I made every one of those decisions on purpose.
But the truest thing I can tell you is this: I did not make them all at once, and I did not make them with the eight-Christmases number in front of me.
If I had, the order would have been different. Some of the moves would have been the same, and some would have been smaller. The business decisions in the last five years would have been sharper.


The number changes what you say yes to.
You stop saying yes to the conference that overlaps with the school play.
You stop saying yes to the client who only books Friday afternoons.
You stop saying yes to the launch that lands on the week your kids are home from school.
You start designing the business around the eight Christmases instead of the other way around.
That is not a retreat. That is a design.
Here is what I want you to take from this.
The is this it question is not a crisis. It is a signal. Specifically, it is the signal that the design you have outgrew the trade-offs you were willing to make to build it.

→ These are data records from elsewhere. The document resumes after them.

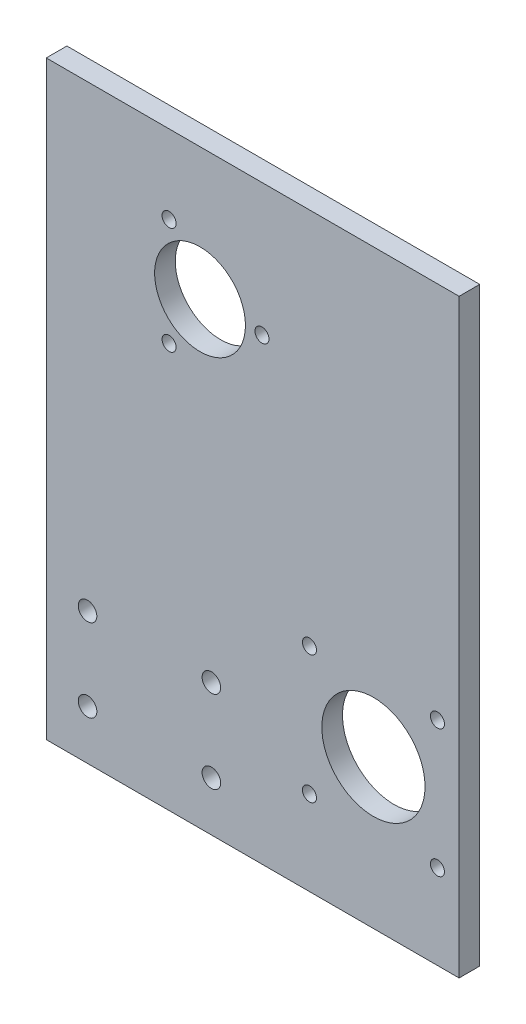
ISO-10303-21;
HEADER;
FILE_DESCRIPTION(('STEP AP214'),'2;1');
FILE_NAME('part.step','',(''),(''),'','','');
FILE_SCHEMA(('AUTOMOTIVE_DESIGN { 1 0 10303 214 1 1 1 1 }'));
ENDSEC;
DATA;
#1=APPLICATION_CONTEXT('core data for automotive mechanical design processes');
#2=APPLICATION_PROTOCOL_DEFINITION('international standard','automotive_design',2000,#1);
#3=PRODUCT_CONTEXT('',#1,'mechanical');
#4=PRODUCT('Part','Part','',(#3));
#5=PRODUCT_RELATED_PRODUCT_CATEGORY('part','',(#4));
#6=PRODUCT_DEFINITION_FORMATION('','',#4);
#7=PRODUCT_DEFINITION_CONTEXT('part definition',#1,'design');
#8=PRODUCT_DEFINITION('design','',#6,#7);
#9=PRODUCT_DEFINITION_SHAPE('','',#8);
#10=(LENGTH_UNIT() NAMED_UNIT(*) SI_UNIT(.MILLI.,.METRE.));
#11=(NAMED_UNIT(*) PLANE_ANGLE_UNIT() SI_UNIT($,.RADIAN.));
#12=(NAMED_UNIT(*) SI_UNIT($,.STERADIAN.) SOLID_ANGLE_UNIT());
#13=UNCERTAINTY_MEASURE_WITH_UNIT(LENGTH_MEASURE(1.E-05),#10,'distance_accuracy_value','');
#14=(GEOMETRIC_REPRESENTATION_CONTEXT(3) GLOBAL_UNCERTAINTY_ASSIGNED_CONTEXT((#13)) GLOBAL_UNIT_ASSIGNED_CONTEXT((#10,
#11,#12)) REPRESENTATION_CONTEXT('',''));
#15=CARTESIAN_POINT('',(0.,0.,0.));
#16=DIRECTION('',(0.,0.,1.));
#17=DIRECTION('',(1.,0.,0.));
#18=AXIS2_PLACEMENT_3D('',#15,#16,#17);
#19=CARTESIAN_POINT('',(50.,70.,5.));
#20=DIRECTION('',(-1.,0.,0.));
#21=DIRECTION('',(0.,-1.,0.));
#22=AXIS2_PLACEMENT_3D('',#19,#20,#21);
#23=PLANE('',#22);
#24=DIRECTION('',(0.,1.,0.));
#25=VECTOR('',#24,1.);
#26=CARTESIAN_POINT('',(50.,70.,0.));
#27=LINE('',#26,#25);
#28=CARTESIAN_POINT('',(50.,-70.,0.));
#29=VERTEX_POINT('',#28);
#30=CARTESIAN_POINT('',(50.,73.,0.));
#31=VERTEX_POINT('',#30);
#32=EDGE_CURVE('E178',#29,#31,#27,.T.);
#33=ORIENTED_EDGE('',*,*,#32,.T.);
#34=DIRECTION('',(0.,0.,-1.));
#35=VECTOR('',#34,1.);
#36=CARTESIAN_POINT('',(50.,73.,0.));
#37=LINE('',#36,#35);
#38=CARTESIAN_POINT('',(50.,73.,5.));
#39=VERTEX_POINT('',#38);
#40=EDGE_CURVE('E92',#39,#31,#37,.T.);
#41=ORIENTED_EDGE('',*,*,#40,.F.);
#42=DIRECTION('',(0.,1.,0.));
#43=VECTOR('',#42,1.);
#44=CARTESIAN_POINT('',(50.,70.,5.));
#45=LINE('',#44,#43);
#46=CARTESIAN_POINT('',(50.,-70.,5.));
#47=VERTEX_POINT('',#46);
#48=EDGE_CURVE('E83',#47,#39,#45,.T.);
#49=ORIENTED_EDGE('',*,*,#48,.F.);
#50=DIRECTION('',(0.,0.,-1.));
#51=VECTOR('',#50,1.);
#52=CARTESIAN_POINT('',(50.,-70.,5.));
#53=LINE('',#52,#51);
#54=EDGE_CURVE('E45',#47,#29,#53,.T.);
#55=ORIENTED_EDGE('',*,*,#54,.T.);
#56=EDGE_LOOP('',(#33,#41,#49,#55));
#57=FACE_BOUND('',#56,.T.);
#58=ADVANCED_FACE('F37',(#57),#23,.F.);
#59=CARTESIAN_POINT('',(-50.,70.,5.));
#60=DIRECTION('',(1.,0.,0.));
#61=DIRECTION('',(0.,0.,-1.));
#62=AXIS2_PLACEMENT_3D('',#59,#60,#61);
#63=PLANE('',#62);
#64=DIRECTION('',(0.,-1.,0.));
#65=VECTOR('',#64,1.);
#66=CARTESIAN_POINT('',(-50.,70.,0.));
#67=LINE('',#66,#65);
#68=CARTESIAN_POINT('',(-50.,73.,0.));
#69=VERTEX_POINT('',#68);
#70=CARTESIAN_POINT('',(-50.,-70.,0.));
#71=VERTEX_POINT('',#70);
#72=EDGE_CURVE('E64',#69,#71,#67,.T.);
#73=ORIENTED_EDGE('',*,*,#72,.T.);
#74=DIRECTION('',(0.,0.,-1.));
#75=VECTOR('',#74,1.);
#76=CARTESIAN_POINT('',(-50.,-70.,5.));
#77=LINE('',#76,#75);
#78=CARTESIAN_POINT('',(-50.,-70.,5.));
#79=VERTEX_POINT('',#78);
#80=EDGE_CURVE('E11',#79,#71,#77,.T.);
#81=ORIENTED_EDGE('',*,*,#80,.F.);
#82=DIRECTION('',(0.,-1.,0.));
#83=VECTOR('',#82,1.);
#84=CARTESIAN_POINT('',(-50.,70.,5.));
#85=LINE('',#84,#83);
#86=CARTESIAN_POINT('',(-50.,73.,5.));
#87=VERTEX_POINT('',#86);
#88=EDGE_CURVE('E78',#87,#79,#85,.T.);
#89=ORIENTED_EDGE('',*,*,#88,.F.);
#90=DIRECTION('',(0.,0.,1.));
#91=VECTOR('',#90,1.);
#92=CARTESIAN_POINT('',(-50.,73.,0.));
#93=LINE('',#92,#91);
#94=EDGE_CURVE('E82',#69,#87,#93,.T.);
#95=ORIENTED_EDGE('',*,*,#94,.F.);
#96=EDGE_LOOP('',(#73,#81,#89,#95));
#97=FACE_BOUND('',#96,.T.);
#98=ADVANCED_FACE('F80',(#97),#63,.F.);
#99=CARTESIAN_POINT('',(-50.,-70.,5.));
#100=DIRECTION('',(0.,1.,0.));
#101=DIRECTION('',(0.,0.,1.));
#102=AXIS2_PLACEMENT_3D('',#99,#100,#101);
#103=PLANE('',#102);
#104=DIRECTION('',(1.,0.,0.));
#105=VECTOR('',#104,1.);
#106=CARTESIAN_POINT('',(-50.,-70.,0.));
#107=LINE('',#106,#105);
#108=EDGE_CURVE('E179',#71,#29,#107,.T.);
#109=ORIENTED_EDGE('',*,*,#108,.T.);
#110=ORIENTED_EDGE('',*,*,#54,.F.);
#111=DIRECTION('',(1.,0.,0.));
#112=VECTOR('',#111,1.);
#113=CARTESIAN_POINT('',(-50.,-70.,5.));
#114=LINE('',#113,#112);
#115=EDGE_CURVE('E53',#79,#47,#114,.T.);
#116=ORIENTED_EDGE('',*,*,#115,.F.);
#117=ORIENTED_EDGE('',*,*,#80,.T.);
#118=EDGE_LOOP('',(#109,#110,#116,#117));
#119=FACE_BOUND('',#118,.T.);
#120=ADVANCED_FACE('F189',(#119),#103,.F.);
#121=CARTESIAN_POINT('',(0.,0.,5.));
#122=DIRECTION('',(0.,0.,1.));
#123=DIRECTION('',(1.,0.,0.));
#124=AXIS2_PLACEMENT_3D('',#121,#122,#123);
#125=PLANE('',#124);
#126=CARTESIAN_POINT('',(29.25,-34.,5.));
#127=DIRECTION('',(0.,0.,1.));
#128=DIRECTION('',(1.,0.,0.));
#129=AXIS2_PLACEMENT_3D('',#126,#127,#128);
#130=CIRCLE('',#129,12.5);
#131=CARTESIAN_POINT('',(41.75,-34.,5.));
#132=VERTEX_POINT('',#131);
#133=EDGE_CURVE('E100',#132,#132,#130,.T.);
#134=ORIENTED_EDGE('',*,*,#133,.F.);
#135=EDGE_LOOP('',(#134));
#136=FACE_BOUND('',#135,.T.);
#137=CARTESIAN_POINT('',(-12.75,41.,5.));
#138=DIRECTION('',(0.,0.,1.));
#139=DIRECTION('',(1.,0.,0.));
#140=AXIS2_PLACEMENT_3D('',#137,#138,#139);
#141=CIRCLE('',#140,11.);
#142=CARTESIAN_POINT('',(-1.75,41.,5.));
#143=VERTEX_POINT('',#142);
#144=EDGE_CURVE('E104',#143,#143,#141,.T.);
#145=ORIENTED_EDGE('',*,*,#144,.F.);
#146=EDGE_LOOP('',(#145));
#147=FACE_BOUND('',#146,.T.);
#148=CARTESIAN_POINT('',(13.75,-18.5,5.));
#149=DIRECTION('',(0.,0.,1.));
#150=DIRECTION('',(1.,0.,0.));
#151=AXIS2_PLACEMENT_3D('',#148,#149,#150);
#152=CIRCLE('',#151,1.7);
#153=CARTESIAN_POINT('',(15.45,-18.5,5.));
#154=VERTEX_POINT('',#153);
#155=EDGE_CURVE('E110',#154,#154,#152,.T.);
#156=ORIENTED_EDGE('',*,*,#155,.F.);
#157=EDGE_LOOP('',(#156));
#158=FACE_BOUND('',#157,.T.);
#159=CARTESIAN_POINT('',(44.75,-18.5,5.));
#160=DIRECTION('',(0.,0.,1.));
#161=DIRECTION('',(1.,0.,0.));
#162=AXIS2_PLACEMENT_3D('',#159,#160,#161);
#163=CIRCLE('',#162,1.7);
#164=CARTESIAN_POINT('',(46.45,-18.5,5.));
#165=VERTEX_POINT('',#164);
#166=EDGE_CURVE('E118',#165,#165,#163,.T.);
#167=ORIENTED_EDGE('',*,*,#166,.F.);
#168=EDGE_LOOP('',(#167));
#169=FACE_BOUND('',#168,.T.);
#170=CARTESIAN_POINT('',(13.75,-49.5,5.));
#171=DIRECTION('',(0.,0.,1.));
#172=DIRECTION('',(1.,0.,0.));
#173=AXIS2_PLACEMENT_3D('',#170,#171,#172);
#174=CIRCLE('',#173,1.7);
#175=CARTESIAN_POINT('',(15.45,-49.5,5.));
#176=VERTEX_POINT('',#175);
#177=EDGE_CURVE('E124',#176,#176,#174,.T.);
#178=ORIENTED_EDGE('',*,*,#177,.F.);
#179=EDGE_LOOP('',(#178));
#180=FACE_BOUND('',#179,.T.);
#181=CARTESIAN_POINT('',(44.75,-49.5,5.));
#182=DIRECTION('',(0.,0.,1.));
#183=DIRECTION('',(1.,0.,0.));
#184=AXIS2_PLACEMENT_3D('',#181,#182,#183);
#185=CIRCLE('',#184,1.7);
#186=CARTESIAN_POINT('',(46.45,-49.5,5.));
#187=VERTEX_POINT('',#186);
#188=EDGE_CURVE('E130',#187,#187,#185,.T.);
#189=ORIENTED_EDGE('',*,*,#188,.F.);
#190=EDGE_LOOP('',(#189));
#191=FACE_BOUND('',#190,.T.);
#192=CARTESIAN_POINT('',(-20.25,53.9903810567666,5.));
#193=DIRECTION('',(0.,0.,1.));
#194=DIRECTION('',(1.,0.,0.));
#195=AXIS2_PLACEMENT_3D('',#192,#193,#194);
#196=CIRCLE('',#195,1.7);
#197=CARTESIAN_POINT('',(-18.55,53.9903810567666,5.));
#198=VERTEX_POINT('',#197);
#199=EDGE_CURVE('E136',#198,#198,#196,.T.);
#200=ORIENTED_EDGE('',*,*,#199,.F.);
#201=EDGE_LOOP('',(#200));
#202=FACE_BOUND('',#201,.T.);
#203=CARTESIAN_POINT('',(2.25,41.,5.));
#204=DIRECTION('',(0.,0.,1.));
#205=DIRECTION('',(1.,0.,0.));
#206=AXIS2_PLACEMENT_3D('',#203,#204,#205);
#207=CIRCLE('',#206,1.7);
#208=CARTESIAN_POINT('',(3.95,41.,5.));
#209=VERTEX_POINT('',#208);
#210=EDGE_CURVE('E142',#209,#209,#207,.T.);
#211=ORIENTED_EDGE('',*,*,#210,.F.);
#212=EDGE_LOOP('',(#211));
#213=FACE_BOUND('',#212,.T.);
#214=CARTESIAN_POINT('',(-20.25,28.0096189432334,5.));
#215=DIRECTION('',(0.,0.,1.));
#216=DIRECTION('',(1.,0.,0.));
#217=AXIS2_PLACEMENT_3D('',#214,#215,#216);
#218=CIRCLE('',#217,1.7);
#219=CARTESIAN_POINT('',(-18.55,28.0096189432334,5.));
#220=VERTEX_POINT('',#219);
#221=EDGE_CURVE('E148',#220,#220,#218,.T.);
#222=ORIENTED_EDGE('',*,*,#221,.F.);
#223=EDGE_LOOP('',(#222));
#224=FACE_BOUND('',#223,.T.);
#225=CARTESIAN_POINT('',(-40.,-38.,5.));
#226=DIRECTION('',(0.,0.,1.));
#227=DIRECTION('',(1.,0.,0.));
#228=AXIS2_PLACEMENT_3D('',#225,#226,#227);
#229=CIRCLE('',#228,2.25);
#230=CARTESIAN_POINT('',(-37.75,-38.,5.));
#231=VERTEX_POINT('',#230);
#232=EDGE_CURVE('E154',#231,#231,#229,.T.);
#233=ORIENTED_EDGE('',*,*,#232,.F.);
#234=EDGE_LOOP('',(#233));
#235=FACE_BOUND('',#234,.T.);
#236=CARTESIAN_POINT('',(-9.99999999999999,-38.,5.));
#237=DIRECTION('',(0.,0.,1.));
#238=DIRECTION('',(1.,0.,0.));
#239=AXIS2_PLACEMENT_3D('',#236,#237,#238);
#240=CIRCLE('',#239,2.25);
#241=CARTESIAN_POINT('',(-7.74999999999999,-38.,5.));
#242=VERTEX_POINT('',#241);
#243=EDGE_CURVE('E160',#242,#242,#240,.T.);
#244=ORIENTED_EDGE('',*,*,#243,.F.);
#245=EDGE_LOOP('',(#244));
#246=FACE_BOUND('',#245,.T.);
#247=CARTESIAN_POINT('',(-40.,-58.,5.));
#248=DIRECTION('',(0.,0.,1.));
#249=DIRECTION('',(1.,0.,0.));
#250=AXIS2_PLACEMENT_3D('',#247,#248,#249);
#251=CIRCLE('',#250,2.25);
#252=CARTESIAN_POINT('',(-37.75,-58.,5.));
#253=VERTEX_POINT('',#252);
#254=EDGE_CURVE('E166',#253,#253,#251,.T.);
#255=ORIENTED_EDGE('',*,*,#254,.F.);
#256=EDGE_LOOP('',(#255));
#257=FACE_BOUND('',#256,.T.);
#258=CARTESIAN_POINT('',(-9.99999999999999,-58.,5.));
#259=DIRECTION('',(0.,0.,1.));
#260=DIRECTION('',(1.,0.,0.));
#261=AXIS2_PLACEMENT_3D('',#258,#259,#260);
#262=CIRCLE('',#261,2.25);
#263=CARTESIAN_POINT('',(-7.74999999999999,-58.,5.));
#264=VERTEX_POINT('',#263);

The work is not running away. It is not selling everything. It is not booking a flight.
The work is sitting with the design question long enough to answer it honestly.
If I were designing this from where I am now, what would I design?
What would I keep? What would I cut? What would I have said no to if I had known how few of the years were left? What would I design now, with the number I am holding?
That question changes the answer to every other question on your list. The geography question. The team question. The school question. The marriage question. The business question. All of them get cleaner once the design question is on the table.
I am not telling you what to design.
I am telling you the question is the work.
Pull out a piece of paper. Or do this in your head while you make coffee tomorrow morning. It does not have to be a ritual. It just has to be honest.
How many summers do you have left with the people you built this for?
How many Christmases?
How many ordinary Tuesdays?
Count it. Subtract the ones that are already gone. Subtract the partial ones. Look at the number.
Then ask yourself: Is the life I am running designed around that number, or designed around something else?
If the answer is uncomfortable, you are in good company. Most of us are running a life designed by an earlier version of ourselves who did not have the number in front of her.
The good news is that you have it now.
The next eight years can be designed on purpose.
I am still figuring out what to do with mine. The math is still settling. But I know this much: I am not spending the next eight Christmases the same way I spent the last ten. The business will get redesigned around what I want from those Christmases, not the other way around.
That is not a retreat from work. Work is still important to me. The business is still important to me. I want to build for the next decade with the same intensity I built for the last one.
But the design will be different.
I am glad my daughters are growing up with a worldview I did not have. They have connections to countries I had not even visited at their age. They will grow up able to call several places home. That was a design choice I made before I had the math in front of me.
The rest of the design is being made now. And it is being made on purpose.